What are peoples thoughts on making a silnylon bathtub ground cloth rather than buying the cuben. The weight is not too different and I am surely capable of sewing the thing up. Does anyone have any pros or cons in going this route.Oct 11, 2012 at 9:38 pm #1920496
Chad “Stick” PoindexterBPL Member
@stickLocale: Hot & Humid Southeast....
I think that a sil version would work just fine, especially if you added the tie-outs like what is on the ones that Joe makes. Then the tie-outs would hold it in place for the most part. However, as has been mentioned above, if you are on a slope you will more than likely tend to slide downhill a bit. I have found that this is just the way it is with floating floors.
Or, you could pick up a piece of polycro and just lay it inside. It would be the lightest option…Oct 11, 2012 at 10:07 pm #1920505
Chad, Do you think polycro would offer adequate protection. I see a lot of people mentioning that the bathtub design is important.Oct 12, 2012 at 4:31 pm #1920677
Hope this link will clear things up for you on polycro?!

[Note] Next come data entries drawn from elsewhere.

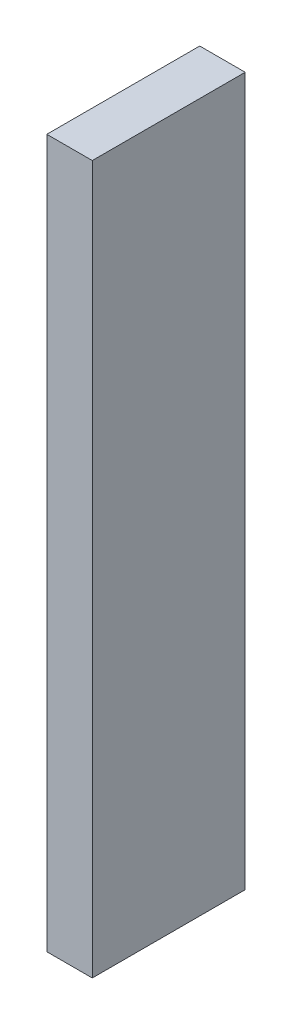
ISO-10303-21;
HEADER;
FILE_DESCRIPTION(('STEP AP214'),'2;1');
FILE_NAME('part.step','',(''),(''),'','','');
FILE_SCHEMA(('AUTOMOTIVE_DESIGN { 1 0 10303 214 1 1 1 1 }'));
ENDSEC;
DATA;
#1=APPLICATION_CONTEXT('core data for automotive mechanical design processes');
#2=APPLICATION_PROTOCOL_DEFINITION('international standard','automotive_design',2000,#1);
#3=PRODUCT_CONTEXT('',#1,'mechanical');
#4=PRODUCT('Part','Part','',(#3));
#5=PRODUCT_RELATED_PRODUCT_CATEGORY('part','',(#4));
#6=PRODUCT_DEFINITION_FORMATION('','',#4);
#7=PRODUCT_DEFINITION_CONTEXT('part definition',#1,'design');
#8=PRODUCT_DEFINITION('design','',#6,#7);
#9=PRODUCT_DEFINITION_SHAPE('','',#8);
#10=(LENGTH_UNIT() NAMED_UNIT(*) SI_UNIT(.MILLI.,.METRE.));
#11=(NAMED_UNIT(*) PLANE_ANGLE_UNIT() SI_UNIT($,.RADIAN.));
#12=(NAMED_UNIT(*) SI_UNIT($,.STERADIAN.) SOLID_ANGLE_UNIT());
#13=UNCERTAINTY_MEASURE_WITH_UNIT(LENGTH_MEASURE(1.E-05),#10,'distance_accuracy_value','');
#14=(GEOMETRIC_REPRESENTATION_CONTEXT(3) GLOBAL_UNCERTAINTY_ASSIGNED_CONTEXT((#13)) GLOBAL_UNIT_ASSIGNED_CONTEXT((#10,
#11,#12)) REPRESENTATION_CONTEXT('',''));
#15=CARTESIAN_POINT('',(0.,0.,0.));
#16=DIRECTION('',(0.,0.,1.));
#17=DIRECTION('',(1.,0.,0.));
#18=AXIS2_PLACEMENT_3D('',#15,#16,#17);
#19=CARTESIAN_POINT('',(130.275545212479,22.4180708263693,86.0720244776067));
#20=DIRECTION('',(-1.69244514382854E-09,0.,1.));
#21=DIRECTION('',(1.,0.,1.69244514382854E-09));
#22=AXIS2_PLACEMENT_3D('',#19,#20,#21);
#23=PLANE('',#22);
#24=DIRECTION('',(0.,-1.,0.));
#25=VECTOR('',#24,1.);
#26=CARTESIAN_POINT('',(131.258630309492,22.4180708263693,86.0720244792705));
#27=LINE('',#26,#25);
#28=CARTESIAN_POINT('',(131.258630309492,22.4180708263693,86.0720244792705));
#29=VERTEX_POINT('',#28);
#30=CARTESIAN_POINT('',(131.258630309492,7.11212965552236,86.0720244792705));
#31=VERTEX_POINT('',#30);
#32=EDGE_CURVE('E79',#29,#31,#27,.T.);
#33=ORIENTED_EDGE('',*,*,#32,.F.);
#34=DIRECTION('',(1.,0.,1.69244514382854E-09));
#35=VECTOR('',#34,1.);
#36=CARTESIAN_POINT('',(130.275545212479,22.4180708263693,86.0720244776067));
#37=LINE('',#36,#35);
#38=CARTESIAN_POINT('',(130.275545212479,22.4180708263693,86.0720244776067));
#39=VERTEX_POINT('',#38);
#40=EDGE_CURVE('E32',#39,#29,#37,.T.);
#41=ORIENTED_EDGE('',*,*,#40,.F.);
#42=DIRECTION('',(0.,-1.,0.));
#43=VECTOR('',#42,1.);
#44=CARTESIAN_POINT('',(130.275545212479,22.4180708263693,86.0720244776067));
#45=LINE('',#44,#43);
#46=CARTESIAN_POINT('',(130.275545212479,7.11212965552236,86.0720244776067));
#47=VERTEX_POINT('',#46);
#48=EDGE_CURVE('E71',#39,#47,#45,.T.);
#49=ORIENTED_EDGE('',*,*,#48,.T.);
#50=DIRECTION('',(1.,0.,1.69244514382854E-09));
#51=VECTOR('',#50,1.);
#52=CARTESIAN_POINT('',(130.275545212479,7.11212965552236,86.0720244776067));
#53=LINE('',#52,#51);
#54=EDGE_CURVE('E10',#47,#31,#53,.T.);
#55=ORIENTED_EDGE('',*,*,#54,.T.);
#56=EDGE_LOOP('',(#33,#41,#49,#55));
#57=FACE_BOUND('',#56,.T.);
#58=ADVANCED_FACE('F16',(#57),#23,.T.);
#59=CARTESIAN_POINT('',(130.275545212479,7.11212965552236,86.0720244776067));
#60=DIRECTION('',(0.,-1.,0.));
#61=DIRECTION('',(0.,0.,-1.));
#62=AXIS2_PLACEMENT_3D('',#59,#60,#61);
#63=PLANE('',#62);
#64=DIRECTION('',(1.69244514382854E-09,0.,-1.));
#65=VECTOR('',#64,1.);
#66=CARTESIAN_POINT('',(131.258630309492,7.11212965552236,86.0720244792705));
#67=LINE('',#66,#65);
#68=CARTESIAN_POINT('',(131.258630315087,7.11212965552235,82.7660833084218));
#69=VERTEX_POINT('',#68);
#70=EDGE_CURVE('E82',#31,#69,#67,.T.);
#71=ORIENTED_EDGE('',*,*,#70,.F.);
#72=ORIENTED_EDGE('',*,*,#54,.F.);
#73=DIRECTION('',(1.69244514382854E-09,0.,-1.));
#74=VECTOR('',#73,1.);
#75=CARTESIAN_POINT('',(130.275545212479,7.11212965552236,86.0720244776067));
#76=LINE('',#75,#74);
#77=CARTESIAN_POINT('',(130.275545218074,7.11212965552235,82.766083306758));
#78=VERTEX_POINT('',#77);
#79=EDGE_CURVE('E67',#47,#78,#76,.T.);
#80=ORIENTED_EDGE('',*,*,#79,.T.);
#81=DIRECTION('',(1.,0.,1.69244514382854E-09));
#82=VECTOR('',#81,1.);
#83=CARTESIAN_POINT('',(130.275545218074,7.11212965552235,82.766083306758));
#84=LINE('',#83,#82);
#85=EDGE_CURVE('E24',#78,#69,#84,.T.);
#86=ORIENTED_EDGE('',*,*,#85,.T.);
#87=EDGE_LOOP('',(#71,#72,#80,#86));
#88=FACE_BOUND('',#87,.T.);
#89=ADVANCED_FACE('F68',(#88),#63,.T.);
#90=CARTESIAN_POINT('',(130.275545218074,7.11212965552235,82.766083306758));
#91=DIRECTION('',(1.69244514382854E-09,0.,-1.));
#92=DIRECTION('',(-1.,0.,-1.69244514382854E-09));
#93=AXIS2_PLACEMENT_3D('',#90,#91,#92);
#94=PLANE('',#93);
#95=DIRECTION('',(0.,1.,0.));
#96=VECTOR('',#95,1.);
#97=CARTESIAN_POINT('',(131.258630315087,7.11212965552235,82.7660833084218));
#98=LINE('',#97,#96);
#99=CARTESIAN_POINT('',(131.258630315087,22.418070826371,82.7660832999612));
#100=VERTEX_POINT('',#99);
#101=EDGE_CURVE('E65',#69,#100,#98,.T.);
#102=ORIENTED_EDGE('',*,*,#101,.F.);
#103=ORIENTED_EDGE('',*,*,#85,.F.);
#104=DIRECTION('',(0.,1.,0.));
#105=VECTOR('',#104,1.);
#106=CARTESIAN_POINT('',(130.275545218074,7.11212965552235,82.766083306758));
#107=LINE('',#106,#105);
#108=CARTESIAN_POINT('',(130.275545218074,22.418070826371,82.7660832982974));
#109=VERTEX_POINT('',#108);
#110=EDGE_CURVE('E62',#78,#109,#107,.T.);
#111=ORIENTED_EDGE('',*,*,#110,.T.);
#112=DIRECTION('',(1.,0.,1.69244514382854E-09));
#113=VECTOR('',#112,1.);
#114=CARTESIAN_POINT('',(130.275545218074,22.418070826371,82.7660832982974));
#115=LINE('',#114,#113);
#116=EDGE_CURVE('E48',#109,#100,#115,.T.);
#117=ORIENTED_EDGE('',*,*,#116,.T.);
#118=EDGE_LOOP('',(#102,#103,#111,#117));
#119=FACE_BOUND('',#118,.T.);
#120=ADVANCED_FACE('F60',(#119),#94,.T.);
#121=CARTESIAN_POINT('',(130.275545218074,22.418070826371,82.7660832982974));
#122=DIRECTION('',(0.,1.,0.));
#123=DIRECTION('',(-1.,0.,0.));
#124=AXIS2_PLACEMENT_3D('',#121,#122,#123);
#125=PLANE('',#124);
#126=DIRECTION('',(-1.69244514382854E-09,0.,1.));
#127=VECTOR('',#126,1.);
#128=CARTESIAN_POINT('',(131.258630315087,22.418070826371,82.7660832999612));
#129=LINE('',#128,#127);
#130=EDGE_CURVE('E85',#100,#29,#129,.T.);
#131=ORIENTED_EDGE('',*,*,#130,.F.);
#132=ORIENTED_EDGE('',*,*,#116,.F.);
#133=DIRECTION('',(-1.69244514382854E-09,0.,1.));
#134=VECTOR('',#133,1.);
#135=CARTESIAN_POINT('',(130.275545218074,22.418070826371,82.7660832982974));
#136=LINE('',#135,#134);
#137=EDGE_CURVE('E74',#109,#39,#136,.T.);
#138=ORIENTED_EDGE('',*,*,#137,.T.);
#139=ORIENTED_EDGE('',*,*,#40,.T.);
#140=EDGE_LOOP('',(#131,#132,#138,#139));
#141=FACE_BOUND('',#140,.T.);
#142=ADVANCED_FACE('F96',(#141),#125,.T.);
#143=CARTESIAN_POINT('',(130.275545201028,17.2651002409467,92.8378607087388));
#144=DIRECTION('',(1.,0.,1.69244514382854E-09));
#145=DIRECTION('',(0.,1.,0.));
#146=AXIS2_PLACEMENT_3D('',#143,#144,#145);
#147=PLANE('',#146);
#148=ORIENTED_EDGE('',*,*,#48,.F.);
#149=ORIENTED_EDGE('',*,*,#137,.F.);
#150=ORIENTED_EDGE('',*,*,#110,.F.);
#151=ORIENTED_EDGE('',*,*,#79,.F.);
#152=EDGE_LOOP('',(#148,#149,#150,#151));
#153=FACE_BOUND('',#152,.T.);
#154=ADVANCED_FACE('F73',(#153),#147,.F.);
#155=CARTESIAN_POINT('',(131.258630298041,17.2651002409467,92.8378607104026));
#156=DIRECTION('',(1.,0.,1.69244514382854E-09));
#157=DIRECTION('',(0.,1.,0.));
#158=AXIS2_PLACEMENT_3D('',#155,#156,#157);
#159=PLANE('',#158);
#160=ORIENTED_EDGE('',*,*,#32,.T.);
#161=ORIENTED_EDGE('',*,*,#70,.T.);
#162=ORIENTED_EDGE('',*,*,#101,.T.);
#163=ORIENTED_EDGE('',*,*,#130,.T.);
#164=EDGE_LOOP('',(#160,#161,#162,#163));
#165=FACE_BOUND('',#164,.T.);
#166=ADVANCED_FACE('F89',(#165),#159,.T.);
#167=CLOSED_SHELL('',(#58,#89,#120,#142,#154,#166));
#168=MANIFOLD_SOLID_BREP('B1',#167);
#169=ADVANCED_BREP_SHAPE_REPRESENTATION('',(#18,#168),#14);
#170=SHAPE_DEFINITION_REPRESENTATION(#9,#169);
ENDSEC;
END-ISO-10303-21;

I used to use the polycro groundsheet when I had a Tartent Rainbow 3 person tent but sold it and my 6 Moons Design Lunar Solo to get the Zpacks twin. I bought the fitted cuben fiber ground sheet just because it was recommended but I think if you are on a budget, you could go the polycro groundsheet route and I feel you will be fine, just keep in mind that you will need to have a level campsite to guard against any sliding around on the net floor.Oct 12, 2012 at 4:36 pm #1920680
Also specs for polycro if purchased from GG:
3.65 oz. ( 104 g.) each
72 x 96 in. (183 x 244 cm.) each
Also states that they are now sending out 100 gauge instead of 75 gauge as of 8/29/12 so it will be stronger than before.
Hope this helps.Oct 12, 2012 at 7:19 pm #1920713
I think what I will do is order some polycro when we get the shelter and try it out. Might as well start with the cheapest lightest option. It will be great if it fills the need.Oct 13, 2012 at 7:10 am #1920791
I ordered the tent last night. I also ordered some polycro from Gossamer Gear. Now I will wait for the mail.
I really appreciate everyone's responses. I'll post back with my impressions after I take it out.